The Use of Fund Managers

ewilcox

Active member
134 2
I was very pleased to read in the sunday telegraph money section today a long piece on the underperformance of fund managers. A relative of mine entrusted a large sum of money to one firm a number of years ago and as a family we have been shocked by the underperformace of the firm in question. The firm has lost over 70% of the value of the initial investment. (Their last gaffe was to transfer by accident £2500 to their account and then phone up saying that they had made a mistake and could they have their money back. Of course...no problem. We arrange the money to be transfered back taking three days to do. The firm then calls us back saying this is unsatisfactory and we have to do an overnight transfer costing us 25 pounds or so. Shocking....) :devilish:

Anyway back to my point...what is the point of using fund managers? I can quite see that if you don't know anything about the market then it may make the process of investing simpler but if you know even the basics of the market and how to buy/sell shares I can't think of a single reason why I would want to pay someone else to invest my money. I think the sunday telegraph would agree with me - would anybody else like to educate me on the benefits that fund managers bring to the table?

ew
 

TWI

Senior member
2,536 254
It depends on who is investing your money. Most people cannot spend all their time in the markets. If you have a good manager they will do well as they will have a good understanding of what it is you are trying to achieve with your investment and know better than most how to spread the risk profile accordingly. The problem is that the industry is overrun with complete ******s who do not have a clue what in hell they are doing and only make money for their clients when everything is going up. On the whole this is all they have ever had to do.
Personally I do not have a penny invested with anybody other than myself but then again I spend about 12hours a day sat in front of several screens as a market professional trying to work out what the hell is going on. If I was doing another job I may well try to find somebody I could trust to manage my money.
I would certainly not just give it to some big impressive sounding fund management company with lots of flashy brochures.
 

Airthrey Capital

Well-known member
370 18
I agree that most fund managers have seriously underperformed. I invested a lump sum with Standrd Life 7 years ago and have had a 14% return. I can make that kind of return in 2 months, not seven years.

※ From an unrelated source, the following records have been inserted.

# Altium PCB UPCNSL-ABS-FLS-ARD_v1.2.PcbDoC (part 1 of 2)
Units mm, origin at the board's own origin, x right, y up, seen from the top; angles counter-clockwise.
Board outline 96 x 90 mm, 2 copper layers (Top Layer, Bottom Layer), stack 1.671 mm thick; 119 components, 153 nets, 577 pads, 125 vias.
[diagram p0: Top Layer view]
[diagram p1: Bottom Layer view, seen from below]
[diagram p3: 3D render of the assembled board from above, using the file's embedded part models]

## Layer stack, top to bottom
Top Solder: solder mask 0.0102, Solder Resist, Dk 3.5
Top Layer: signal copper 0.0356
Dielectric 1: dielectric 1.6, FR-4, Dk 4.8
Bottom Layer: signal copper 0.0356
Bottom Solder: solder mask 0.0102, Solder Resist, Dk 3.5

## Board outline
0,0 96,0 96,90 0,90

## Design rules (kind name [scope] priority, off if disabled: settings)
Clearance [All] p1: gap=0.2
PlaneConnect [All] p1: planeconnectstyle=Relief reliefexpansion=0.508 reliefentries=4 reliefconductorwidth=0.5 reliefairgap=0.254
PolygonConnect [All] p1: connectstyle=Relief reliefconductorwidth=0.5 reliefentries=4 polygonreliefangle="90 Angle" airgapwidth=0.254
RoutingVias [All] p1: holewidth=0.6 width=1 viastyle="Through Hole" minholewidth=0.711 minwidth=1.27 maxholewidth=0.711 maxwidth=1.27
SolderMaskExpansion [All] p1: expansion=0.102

However, there is of course one big problem with the traditional fund managers, and that is that they are all long-only funds.

The answer would of course be to invest in a hedge fund.

The problem with that is they are unregulated, and you will need to invest around $100,000 minimum in any given fund.

Hedge funds are of course much more risky than the traditional long-only funds. In fact I would say that British-run hedge funds are more risky for 2 reasons..

1) Many UK hedge fund start-ups are run by UK fund managers who have only had long-only experience, and are therefore not terribly good with their abibilty to run short positions.

2) Other set-ups are run by young academics who have designed trading systems, but who are actually too wet behind the ears to run a business.

Either way, if you have the time, there is nothing better than managing your own money.
 

stevet

Established member
917 5
fund managers will of course lose their clients money - but their expertise is not in making money for their clients -but in losing less money for their clients than if the clients invested their money themselves in stock markets

at least thats the way the regulatory authourities look at it
 

MGBRoadster

Member
91 0
I'm not able to spend enough time to effectively manage my investments, so I control a proportion myself, and use fund managers to diversify.

Picking a good fund manager is as difficult as picking a good stock. I find Bestinvest useful for rating managers:
http://www.bestinvest.co.uk/manager...oken=&-token.1=99&-token.2=5&-token.3=5&-view

Close Man now have a hedge fund with a minimum £10,000, and Winton may have one with a £5,000 minimum. http://money.guardian.co.uk/investments/fundsbondstrusts/story/0,1456,1212480,00.html
 

Hughmac

Member
64 3
just wondering if there was any other "profession" where you could inflict 70% damage and still be in business
 

TWI

Senior member
2,536 254
Maybe Politics, particularly these days, or if you are taking an iraqi viewpoint on Dubya.
 

stevet

Established member
917 5
Blairlogie

whats your definiton of damage - one of the healthiest economies in the world ?
 

wisestguy

Well-known member
471 0
I think for most people the problem is time . unless they make it a full time profession , they most likely have to give it to soemone to invest .

probably the best thing for these people is to do the simplest thing and stick it in an interest bearing account of some sort .

Hedge funds could be an answer but as Blair said there are risk involved due to the relative inexperience of UK funds .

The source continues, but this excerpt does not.